Role of radicals in carbon clustering and soot inception: A combined EPR and Raman spectroscopic study

Some aspects of soot formation from gas phase molecules at high temperatures are still unclear. Aromatic π-radicals may be key elements for a change in the model of carbon clustering and particle formation. However, experimental investigations are still needed on the radical nature of molecules and particles in flames and on their roles in the transition from molecules to incipient molecular clusters and their further evolution to mature soot. In this paper, we present electron paramagnetic resonance (EPR) and Raman spectroscopy measurements of particles collected in an ethylene-rich premixed flame at various residence times during nucleation.
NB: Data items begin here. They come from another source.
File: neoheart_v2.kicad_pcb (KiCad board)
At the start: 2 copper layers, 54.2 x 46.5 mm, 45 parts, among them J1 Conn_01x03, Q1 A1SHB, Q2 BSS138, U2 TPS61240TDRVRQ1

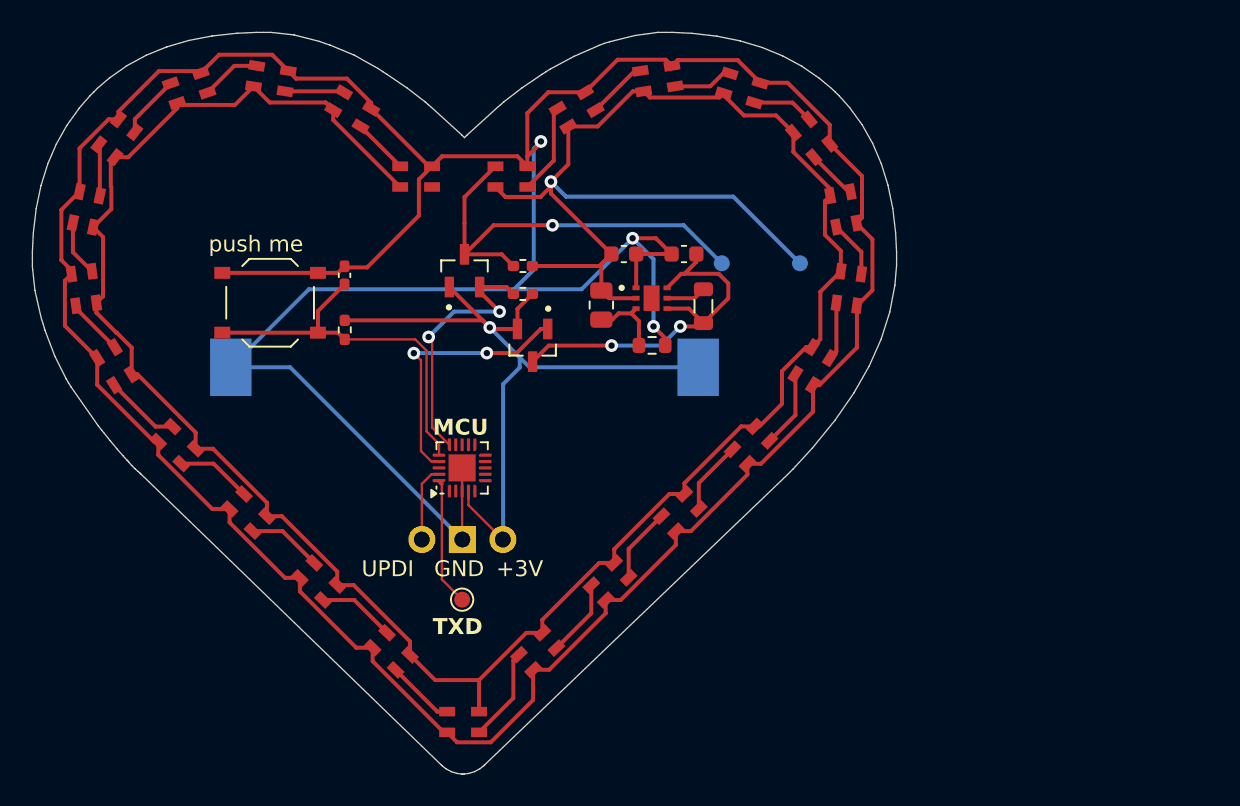
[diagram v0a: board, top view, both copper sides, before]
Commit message: 2.2: update schematic, new boost converter design, hardware optimizations
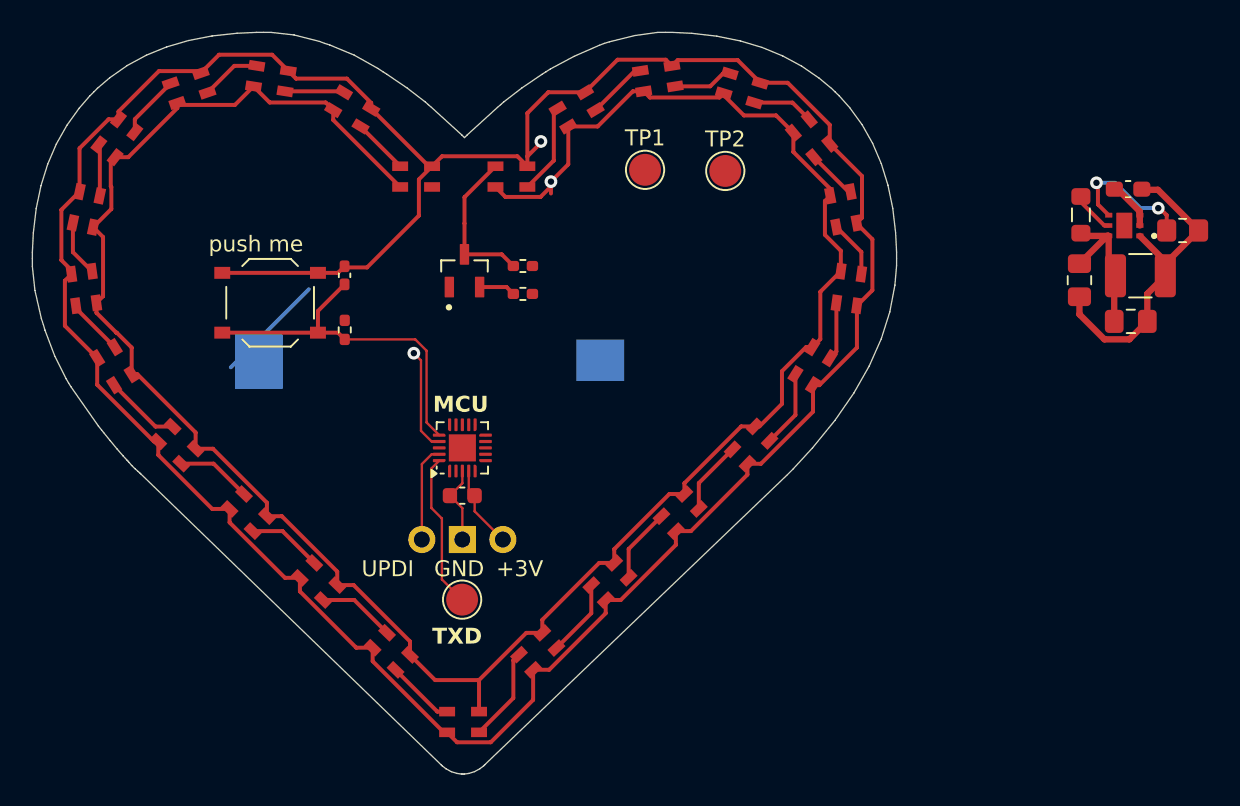
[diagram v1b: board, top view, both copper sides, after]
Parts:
- removed BT1: Battery, Battery:BatteryHolder_Keystone_1060_1x2032
- removed Q1: A1SHB, lib:SOT95P237X112-3N
- removed R2: 180kΩ, Resistor_SMD:R_0805_2012Metric
- removed R3: 1,5MΩ, Resistor_SMD:R_0603_1608Metric
- removed REF**: OSHW-Logo_5.7x6mm_SilkScreen, Symbol:OSHW-Logo_5.7x6mm_SilkScreen
- added C1: 100µF, Capacitor_SMD:C_1210_3225Metric_Pad1.33x2.70mm_HandSolder, F.Cu at (92.7, 41.4)
- added C5: 2.2µF, Capacitor_SMD:C_0805_2012Metric_Pad1.18x1.45mm_HandSolder, F.Cu at (92.1, 44.3)
- added C6: 100nF, Capacitor_SMD:C_0603_1608Metric, F.Cu at (50.2, 55.2)
- added J2: CR2032, lib:HARWIN_S8421-45R, B.Cu at (50.3, 46.7)
- added R6: 100K, Resistor_SMD:R_0805_2012Metric_Pad1.20x1.40mm_HandSolder, F.Cu at (95.3, 38.6)
- C3: footprint Capacitor_SMD:C_0603_1608Metric -> Capacitor_SMD:C_0805_2012Metric_Pad1.18x1.45mm_HandSolder
- C4: footprint Capacitor_SMD:C_0603_1608Metric -> Capacitor_SMD:C_0603_1608Metric_Pad1.08x0.95mm_HandSolder
- L1: value MLP2012V4R7MT0S1 -> 1μH; footprint Inductor_SMD:L_0805_2012Metric -> Inductor_SMD:L_0805_2012Metric_Pad1.05x1.20mm_HandSolder
- TP1, TP2: footprint TestPoint:TestPoint_Pad_D1.0mm -> TestPoint:TestPoint_Pad_D2.0mm; moved to F.Cu
- TP4: footprint TestPoint:TestPoint_Pad_D1.0mm -> TestPoint:TestPoint_Pad_D2.0mm
- U2: value TPS61240TDRVRQ1 -> TPS61240
- moved C4 31.9 mm to (91.9, 36.0)
- moved U2 30.0 mm to (91.7, 38.3), turned to 180 degrees
- moved C3 24.9 mm to (88.9, 41.7), turned to -90 degrees
- moved L1 24.4 mm to (89.0, 37.6)
- moved TP1 7.58 mm to (61.6, 34.8), turned to 0 degrees
- moved TP2 7.45 mm to (66.7, 34.9), turned to 0 degrees
- moved MCU1 1.26 mm to (50.2, 52.2)
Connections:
- C3 pad 1: /BOOST_3V0 -> +3V0
- L1 pad 1: /BOOST_3V0 -> +3V0
- MCU1 pad 17: /BOOST_MOSFET -> /BOOST_EN
- U2 pad 3: Net-(U2-FB) -> +5V
- U2 pad 4: /BOOST_3V0 -> /BOOST_EN
- U2 pad 6: /BOOST_3V0 -> +3V0
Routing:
- net GND: track 261.4 -> 210.4 mm, vias 3 -> 1
- net +5V: track 178.8 -> 148.6 mm
- net +3V0: track 50.6 -> 23.0 mm, vias 1 -> 0
- net /BOOST_3V0: track 23.6 -> 0.00 mm, vias 2 -> 0
- net /LED_DATA: track 27.7 -> 9.70 mm, vias 1 -> 0
- net /BOOST_MOSFET: track 16.8 -> 0.00 mm, vias 2 -> 0
- net /BOOST_EN: track 0.00 -> 15.0 mm, vias 0 -> 3
- net /IO_LEDS: track 16.8 -> 2.29 mm, vias 2 -> 0
- net Net-(U2-FB): track 4.67 -> 0.00 mm
- net /TX: track 8.04 -> 9.72 mm
- net /UPDI: track 4.81 -> 6.07 mm
- net /SW_ANIM: track 23.9 -> 22.6 mm
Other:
- board text removed: "JLCJLCJLCJLC"

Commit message: 2.2: update PCB, add production files, new board renders
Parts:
- added REF**: OSHW-Logo_5.7x6mm_SilkScreen, Symbol:OSHW-Logo_5.7x6mm_SilkScreen, B.Cu at (50.3, 67.2)
- TP1, TP2: footprint TestPoint:TestPoint_Pad_D2.0mm -> TestPoint:TestPoint_Pad_D1.5mm; moved to B.Cu
- TP4: footprint TestPoint:TestPoint_Pad_D2.0mm -> TestPoint:TestPoint_Pad_D1.5mm
- moved R6 35.5 mm to (59.9, 39.9), turned to 90 degrees
- moved C4 35.4 mm to (57.3, 43.3), turned to 90 degrees
- moved U2 32.5 mm to (59.6, 43.5), turned to -90 degrees
- moved L1 31.3 mm to (58.9, 46.2), turned to 180 degrees
- moved C1 30.0 mm to (62.8, 42.5), turned to 90 degrees
- moved C5 26.5 mm to (65.6, 43.1), turned to 90 degrees
- moved C3 26.3 mm to (63.0, 46.3), turned to 0 degrees
- moved TP1 8.09 mm to (68.0, 39.7), turned to 180 degrees
- moved TP2 7.09 mm to (71.8, 39.7), turned to 180 degrees
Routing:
- net GND: track 210.4 -> 9.77 mm, vias 1 -> 18
- net +3V0: track 23.0 -> 70.9 mm, vias 0 -> 2
- net +5V: track 148.6 -> 175.9 mm
- net /LED_DATA: track 9.70 -> 29.2 mm, vias 0 -> 1
- net /BOOST_EN: track 15.0 -> 25.7 mm
- net /IO_LEDS: track 2.29 -> 11.7 mm
- added copper zone on B.Cu, net GND
- added copper zone on F.Cu, net GND
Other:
- board text added: "HEART V2.2"
- board text added: "NEO"
- board text added: "WAYWAYWAY"
- board text removed: "DEBUG:"
- board text removed: "NEOHEART V2.1"

The experimental results, combined with measurement of the particle size distribution by a differential mobility analyzer, are used to investigate the role of radicals in particle nucleation and rearrangement of aromatic molecules in just-nucleated particles. For all the sampled particles, an EPR signal typical of persistent carbon-centered aromatic radicals is measured. An abrupt change in the EPR signal intensity, which is characteristic of stronger supramolecular interactions, is observed when the size distribution changes from monomodal to bimodal, as confirmed by Raman spectroscopy. Our experimental results indicate strong involvement of π-radicals during particle nucleation and growth. The paramagnetic/radical nature of the sampled particles is discussed on the basis of recent studies on the role of resonantly stabilized radicals in soot nucleation. The presence of localized π-electrons on the edge of aromatic soot constituents and their role in carbon clustering are also discussed.